Demonstrating the MaNGA Instrument at APO

MaNGA (Mapping Nearby Galaxies at APO) is one of the three surveys planned for the fourth generation of SDSS starting in 2014 http://www.sdss3.org/future/. The team has now successfully demonstrated instrumentation and observing procedures at Apache Point Observatory on the Sloan Foundation 2.5-m telescope.

The big technical challenge for the MaNGA instrument team has been to develop new bundle heads for the fibers which feed the BOSS spectrograph. These bundles enable many fibers to be places in a hexagonal grid across a galaxy:

MaNGA_galaxy_illustration

This will allow for resolved (or “integral field unit”; IFU) spectroscopy across the galaxy. The MaNGA survey will use these fiber bundles (which will vary in size from 19 to 127 fibers per bundle) to observe 10,000 nearby galaxies from 2014-2020.

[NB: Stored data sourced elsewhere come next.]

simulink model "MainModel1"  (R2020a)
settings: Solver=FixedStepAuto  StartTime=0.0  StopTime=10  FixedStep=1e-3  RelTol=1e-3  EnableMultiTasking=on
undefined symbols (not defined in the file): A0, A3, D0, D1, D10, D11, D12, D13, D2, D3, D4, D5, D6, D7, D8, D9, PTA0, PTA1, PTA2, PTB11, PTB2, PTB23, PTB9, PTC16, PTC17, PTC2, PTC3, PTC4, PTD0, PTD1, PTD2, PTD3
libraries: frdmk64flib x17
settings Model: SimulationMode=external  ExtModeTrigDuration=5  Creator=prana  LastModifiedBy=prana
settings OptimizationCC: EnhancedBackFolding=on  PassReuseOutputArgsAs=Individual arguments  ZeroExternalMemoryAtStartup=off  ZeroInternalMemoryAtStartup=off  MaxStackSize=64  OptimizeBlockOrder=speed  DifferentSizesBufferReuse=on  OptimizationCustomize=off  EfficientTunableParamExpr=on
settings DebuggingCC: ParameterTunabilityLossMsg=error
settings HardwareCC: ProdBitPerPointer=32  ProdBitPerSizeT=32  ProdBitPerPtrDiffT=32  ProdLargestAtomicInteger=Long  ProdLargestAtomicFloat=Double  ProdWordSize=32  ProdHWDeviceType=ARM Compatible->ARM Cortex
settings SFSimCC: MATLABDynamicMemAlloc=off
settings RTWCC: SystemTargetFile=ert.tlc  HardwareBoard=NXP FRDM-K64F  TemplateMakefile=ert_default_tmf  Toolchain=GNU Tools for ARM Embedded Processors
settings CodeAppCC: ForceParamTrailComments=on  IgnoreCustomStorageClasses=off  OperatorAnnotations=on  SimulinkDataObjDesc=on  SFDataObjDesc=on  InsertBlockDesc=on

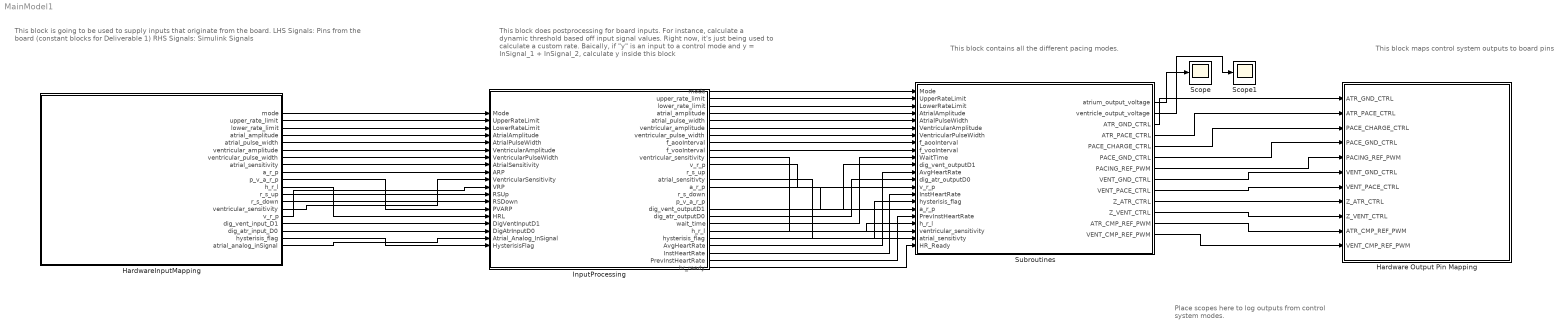
== system MainModel1 ==
  note: This block does postprocessing for board inputs.
      | For instance, calculate a dynamic threshold based off input signal values.
      | Right now, it's just being used to calculate a custom rate.
      | Baically, if "y" is an input to a control mode and y = InSignal_1 + InSignal_2,
      | calculate y inside this block
  note: This block is going to be used to supply inputs that originate from the board.
      | LHS Signals: Pins from the board (constant blocks for Deliverable 1)
      | RHS Signals: Simulink Signals
  note: This block contains all the different pacing modes.
  note: This block maps control system outputs to board pins
  note: Place scopes here to log outputs from control
      | system modes.
  Hardware Output Pin Mapping : Subsystem
  HardwareInputMapping : Subsystem
  InputProcessing : Subsystem
  Scope : Scope
  Scope1 : Scope
  Subroutines : Subsystem
  wires:
  InputProcessing/1(mode) -> Subroutines/1(Mode)
  InputProcessing/2(upper_rate_limit) -> Subroutines/2(UpperRateLimit)
  InputProcessing/3(lower_rate_limit) -> Subroutines/3(LowerRateLimit)
  InputProcessing/4(atrial_amplitude) -> Subroutines/4(AtrialAmplitude)
  InputProcessing/5(atrial_pulse_width) -> Subroutines/5(AtrialPulseWidth)
  InputProcessing/6(ventricular_amplitude) -> Subroutines/6(VentricularAmplitude)
  InputProcessing/7(ventricular_pulse_width) -> Subroutines/7(VentricularPulseWidth)
  InputProcessing/8(f_aooInterval) -> Subroutines/8(f_aooInterval)
  InputProcessing/9(f_vooInterval) -> Subroutines/9(f_vooInterval)
  Subroutines/1(atrium_output_voltage) -> Scope/1
  Subroutines/2(ventricle_output_voltage) -> Scope1/1
  HardwareInputMapping/1(mode) -> InputProcessing/1(Mode)
  HardwareInputMapping/2(upper_rate_limit) -> InputProcessing/2(UpperRateLimit)
  HardwareInputMapping/3(lower_rate_limit) -> InputProcessing/3(LowerRateLimit)
  HardwareInputMapping/4(atrial_amplitude) -> InputProcessing/4(AtrialAmplitude)
  HardwareInputMapping/5(atrial_pulse_width) -> InputProcessing/5(AtrialPulseWidth)
  HardwareInputMapping/6(ventricular_amplitude) -> InputProcessing/6(VentricularAmplitude)
  HardwareInputMapping/7(ventricular_pulse_width) -> InputProcessing/7(VentricularPulseWidth)
  HardwareInputMapping/8(atrial_sensitivity) -> InputProcessing/8(AtrialSensitivity)
  HardwareInputMapping/9(a_r_p) -> InputProcessing/9(ARP)
  HardwareInputMapping/14(ventricular_sensitivity) -> InputProcessing/10(VentricularSensitivity)
  HardwareInputMapping/15(v_r_p) -> InputProcessing/11(VRP)
  HardwareInputMapping/12(r_s_up) -> InputProcessing/12(RSUp)
  HardwareInputMapping/13(r_s_down) -> InputProcessing/13(RSDown)
  HardwareInputMapping/10(p_v_a_r_p) -> InputProcessing/14(PVARP)
  HardwareInputMapping/11(h_r_l) -> InputProcessing/15(HRL)
  HardwareInputMapping/16(dig_vent_input_D1) -> InputProcessing/16(DigVentInputD1)
  HardwareInputMapping/17(dig_atr_input_D0) -> InputProcessing/17(DigAtrInputD0)
  InputProcessing/19(wait_time) -> Subroutines/10(WaitTime)
  InputProcessing/17(dig_vent_outputD1) -> Subroutines/11(dig_vent_outputD1)
  InputProcessing/18(dig_atr_outputD0) -> Subroutines/13(dig_atr_outputD0)
  HardwareInputMapping/18(hysterisis_flag) -> InputProcessing/19(HysterisisFlag)
  HardwareInputMapping/19(atrial_analog_inSignal) -> InputProcessing/18(Atrial_Analog_InSignal)
  InputProcessing/22(AvgHeartRate) -> Subroutines/12(AvgHeartRate)
  InputProcessing/23(InstHeartRate) -> Subroutines/15(InstHeartRate)
  InputProcessing/21(hysterisis_flag) -> Subroutines/16(hysterisis_flag)
  InputProcessing/11(v_r_p) -> Subroutines/14(v_r_p)
  InputProcessing/14(a_r_p) -> Subroutines/17(a_r_p)
  InputProcessing/24(PrevInstHeartRate) -> Subroutines/18(PrevInstHeartRate)
  InputProcessing/20(h_r_l) -> Subroutines/19(h_r_l)
  Subroutines/3(ATR_GND_CTRL) -> Hardware Output Pin Mapping/1(ATR_GND_CTRL)
  Subroutines/4(ATR_PACE_CTRL) -> Hardware Output Pin Mapping/2(ATR_PACE_CTRL)
  Subroutines/5(PACE_CHARGE_CTRL) -> Hardware Output Pin Mapping/3(PACE_CHARGE_CTRL)
  Subroutines/6(PACE_GND_CTRL) -> Hardware Output Pin Mapping/4(PACE_GND_CTRL)
  Subroutines/7(PACING_REF_PWM) -> Hardware Output Pin Mapping/5(PACING_REF_PWM)
  Subroutines/8(VENT_GND_CTRL) -> Hardware Output Pin Mapping/6(VENT_GND_CTRL)
  Subroutines/9(VENT_PACE_CTRL) -> Hardware Output Pin Mapping/7(VENT_PACE_CTRL)
  Subroutines/10(Z_ATR_CTRL) -> Hardware Output Pin Mapping/8(Z_ATR_CTRL)
  Subroutines/11(Z_VENT_CTRL) -> Hardware Output Pin Mapping/9(Z_VENT_CTRL)
  InputProcessing/10(ventricular_sensitivity) -> Subroutines/20(ventricular_sensitivity)
  InputProcessing/13(atrial_sensitivty) -> Subroutines/21(atrial_sensitivty)
  Subroutines/12(ATR_CMP_REF_PWM) -> Hardware Output Pin Mapping/10(ATR_CMP_REF_PWM)
  Subroutines/13(VENT_CMP_REF_PWM) -> Hardware Output Pin Mapping/11(VENT_CMP_REF_PWM)
  InputProcessing/25(hr_ready) -> Subroutines/22(HR_Ready)

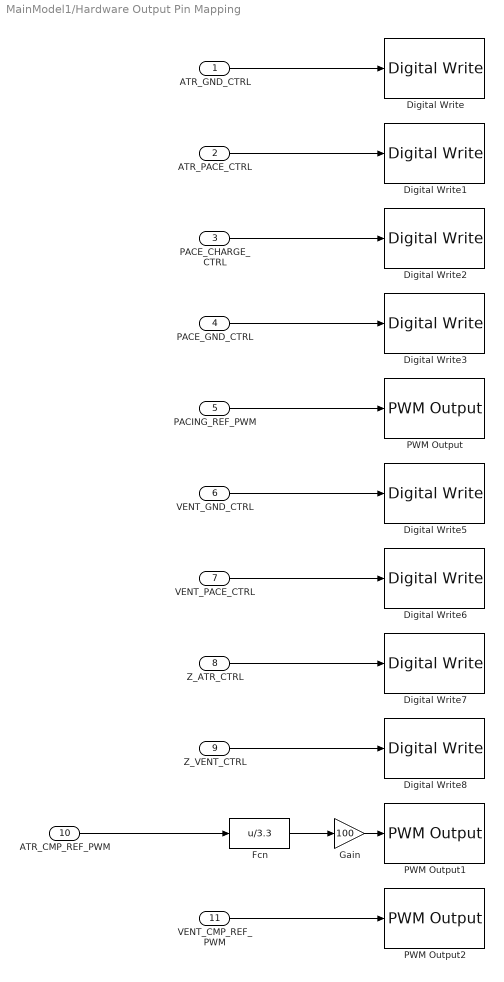
== system MainModel1/Hardware Output Pin Mapping ==
  ATR_GND_CTRL : Inport
  ATR_PACE_CTRL : Inport  Port=2
  PACE_CHARGE_CTRL : Inport  Port=3
  PACE_GND_CTRL : Inport  Port=4
  PACING_REF_PWM : Inport  Port=5
  VENT_GND_CTRL : Inport  Port=6
  VENT_PACE_CTRL : Inport  Port=7
  Z_ATR_CTRL : Inport  Port=8
  Z_VENT_CTRL : Inport  Port=9
  ATR_CMP_REF_PWM : Inport  Port=10
  VENT_CMP_REF_PWM : Inport  Port=11
  Digital Write : frdmk64flib/Digital Write  Whichpin=PTD2 (D11)
  Digital Write1 : frdmk64flib/Digital Write  Whichpin=PTA0 (D8)
  Digital Write2 : frdmk64flib/Digital Write  Whichpin=PTB9 (D2)
  Digital Write3 : frdmk64flib/Digital Write  Whichpin=PTD0 (D10)
  Digital Write5 : frdmk64flib/Digital Write  Whichpin=PTD3 (D12)
  Digital Write6 : frdmk64flib/Digital Write  Whichpin=PTC4 (D9)
  Digital Write7 : frdmk64flib/Digital Write  Whichpin=PTB23 (D4)
  Digital Write8 : frdmk64flib/Digital Write  Whichpin=PTC3 (D7)
  Fcn : Fcn  Expr=u/3.3
  Gain : Gain  Gain=100
  PWM Output : frdmk64flib/PWM Output  Whichpin=PTA2 (D5)  InitialFrequency=2000  InitialDutyCycle=100
  PWM Output1 : frdmk64flib/PWM Output  Whichpin=PTC2 (D6)  InitialFrequency=2000  InitialDutyCycle=20
  PWM Output2 : frdmk64flib/PWM Output  Whichpin=PTA1 (D3)  InitialFrequency=2000  InitialDutyCycle=20
  wires:
  ATR_GND_CTRL/1 -> Digital Write/1
  ATR_PACE_CTRL/1 -> Digital Write1/1
  PACE_CHARGE_CTRL/1 -> Digital Write2/1
  PACE_GND_CTRL/1 -> Digital Write3/1
  VENT_GND_CTRL/1 -> Digital Write5/1
  VENT_PACE_CTRL/1 -> Digital Write6/1
  Z_ATR_CTRL/1 -> Digital Write7/1
  Z_VENT_CTRL/1 -> Digital Write8/1
  PACING_REF_PWM/1 -> PWM Output/1
  VENT_CMP_REF_PWM/1 -> PWM Output2/1
  ATR_CMP_REF_PWM/1 -> Fcn/1
  Fcn/1 -> Gain/1
  Gain/1 -> PWM Output1/1

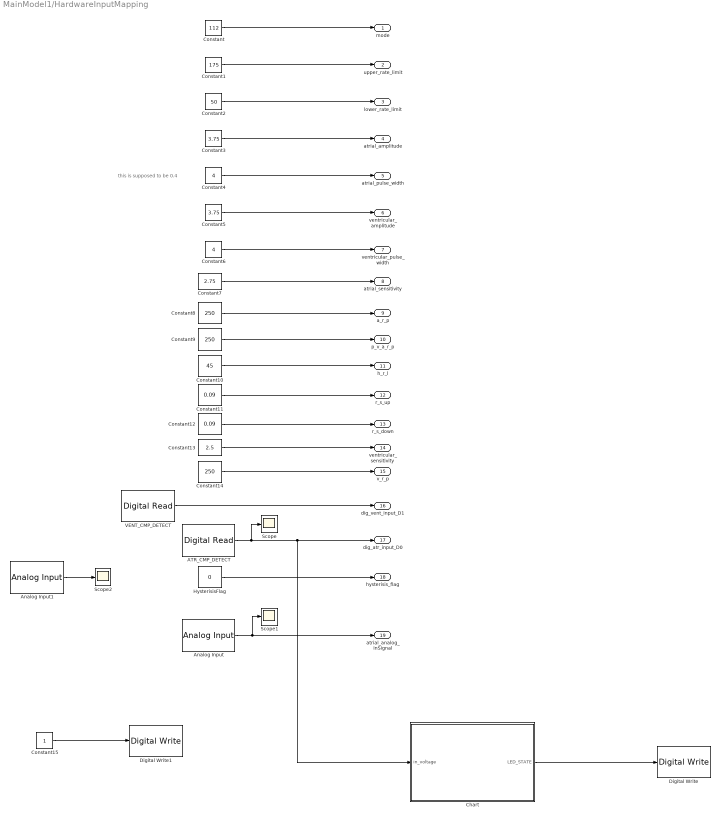
== system MainModel1/HardwareInputMapping ==
  note: this is supposed to be 0.4
  ATR_CMP_DETECT : frdmk64flib/Digital Read  Whichpin=PTC16 (D0)  SampleTime=0.001
  Analog Input : frdmk64flib/Analog Input  Whichpin=PTB2 (A0)  SampleTime=0.001
  Analog Input1 : frdmk64flib/Analog Input  Whichpin=PTB11 (A3)  SampleTime=0.001
  Chart : Stateflow chart  TreatAsAtomicUnit=on
  Constant : Constant  Value=112  OutDataTypeStr=uint32
  Constant1 : Constant  Value=175  OutDataTypeStr=uint32
  Constant10 : Constant  Value=45
  Constant11 : Constant  Value=0.09
  Constant12 : Constant  Value=0.09
  Constant13 : Constant  Value=2.5
  Constant14 : Constant  Value=250
  Constant15 : Constant  OutDataTypeStr=boolean
  Constant2 : Constant  Value=50  OutDataTypeStr=uint32
  Constant3 : Constant  Value=3.75  OutDataTypeStr=single
  Constant4 : Constant  Value=4  OutDataTypeStr=single
  Constant5 : Constant  Value=3.75  OutDataTypeStr=single
  Constant6 : Constant  Value=4  OutDataTypeStr=single
  Constant7 : Constant  Value=2.75
  Constant8 : Constant  Value=250
  Constant9 : Constant  Value=250
  Digital Write : frdmk64flib/Digital Write  Whichpin=RED_LED
  Digital Write1 : frdmk64flib/Digital Write  Whichpin=PTD1 (D13)
  HysterisisFlag : Constant  Value=0  OutDataTypeStr=boolean
  Scope : Scope
  Scope1 : Scope
  Scope2 : Scope
  VENT_CMP_DETECT : frdmk64flib/Digital Read  Whichpin=PTC17 (D1)  SampleTime=0.001
  mode : Outport  OutDataTypeStr=uint32
  upper_rate_limit : Outport  Port=2
  lower_rate_limit : Outport  Port=3
  atrial_amplitude : Outport  Port=4
  atrial_pulse_width : Outport  Port=5
  ventricular_amplitude : Outport  Port=6
  ventricular_pulse_width : Outport  Port=7
  atrial_sensitivity : Outport  Port=8
  a_r_p : Outport  Port=9
  p_v_a_r_p : Outport  Port=10
  h_r_l : Outport  Port=11
  r_s_up : Outport  Port=12
  r_s_down : Outport  Port=13
  ventricular_sensitivity : Outport  Port=14
  v_r_p : Outport  Port=15
  dig_vent_input_D1 : Outport  Port=16
  dig_atr_input_D0 : Outport  Port=17
  hysterisis_flag : Outport  Port=18
  atrial_analog_inSignal : Outport  Port=19
  wires:
  Constant/1 -> mode/1
  Constant1/1 -> upper_rate_limit/1
  Constant2/1 -> lower_rate_limit/1
  Constant3/1 -> atrial_amplitude/1
  Constant4/1 -> atrial_pulse_width/1
  Constant5/1 -> ventricular_amplitude/1
  Constant6/1 -> ventricular_pulse_width/1
  Constant8/1 -> a_r_p/1
  Constant9/1 -> p_v_a_r_p/1
  Constant10/1 -> h_r_l/1
  Constant11/1 -> r_s_up/1
  Constant12/1 -> r_s_down/1
  Constant13/1 -> ventricular_sensitivity/1
  Constant14/1 -> v_r_p/1
  ATR_CMP_DETECT/1 -> Scope/1, Chart/1(in_voltage), dig_atr_input_D0/1
  HysterisisFlag/1 -> hysterisis_flag/1
  Analog Input/1 -> Scope1/1, atrial_analog_inSignal/1
  VENT_CMP_DETECT/1 -> dig_vent_input_D1/1
  Chart/1(LED_STATE) -> Digital Write/1
  Constant15/1 -> Digital Write1/1
  Constant7/1 -> atrial_sensitivity/1
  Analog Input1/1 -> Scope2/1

Thanks to hard work from the instrument and data teams and support from the staff at APO and from SDSS-III, the MaNGA prototype IFU bundles have now successfully installed into an SDSS cartridge and used to obtain on-sky data along with to afternoon tests and calibrations.

Installation and First Light

MaNGA_ifu_bundle_installation
Nick MacDonald (UW) and Niv Drory (UNAM) led the installation of the MaNGA hardware, including the IFU bundles and 150 individual fibers, into the SDSS bright-time cartridge #1. With help from UW grad student Nell Byler and a few other helpful hands, the installation proceeded smoothly in about a day and a half.

MaNGA_plugging

MaNGA_plugging_1
Ting Xiao (SHAO) and Nell Byler (UW) inspected projected overlays on the first plate (top left) to determine which fibers and bundles should be plugged according to David Wake’s (Wisconsin) design. Veteran Sloan pluggers Francis Cope (APO) and Diana Holder (APO) then prepared the plate for the cartridge (top center) and plugged it (bottom and top right), providing valuable feedback about bending stresses in the fibers and the ease of plugging a complicated plate design.

MaNGA_v_grooves
Paul Harding (CWRU), Mike Blanton (NYU), and especially David Schlegel (LBNL) provided their expertise with remote support regarding cartridge layout, plate overlays, and the auto mapper that determines which fibers have been plugged into which holes. The fibers in each bundle are then spread out flat into “V grooves” (bottom right) where the light will be passed to the spectrograph to be spread out into its constituent wavelengths.

MaNGA_mounting
SDSS engineers Joe Huehnerhoff (UW) and Bob Pfaffenberger (APO) helped load the plugged MaNGA cartridge into the telescope for the first time. Behind the scenes, SDSS observer Kaike Pan drafted a series of scripts and tests that, thanks in part to quick off-site analysis by Renbin Yan, enabled the team to use the SDSS control software to carry out MaNGA observations. A day or two later, sunset at the 2.5 meter followed by First (Astronomical) Light for the MaNGA prototypes and a happy team at 4am local time.

MaNGA_slice_127_1comp

The highlight so far has been dithered observations of a plate designed to target stars and sample the PSF. MaNGA focused on several regions with 2-3 stars per bundle and MaNGA software pipeline developers David Law and Brian Cherinka (both U. of Toronto) have advanced the reduction pipeline to the point where they can produce preliminary 3D reconstructed data cubes from these observations! Here is an example of taken a 127-fiber bundle (top right) to observe a 25″x25″ region of the sky (SDSS image top center). Each fiber resulted in a spectrum . Integrating these spectra recovers the re-constructed image of these three stars as seen through the MaNGA IFU (top left).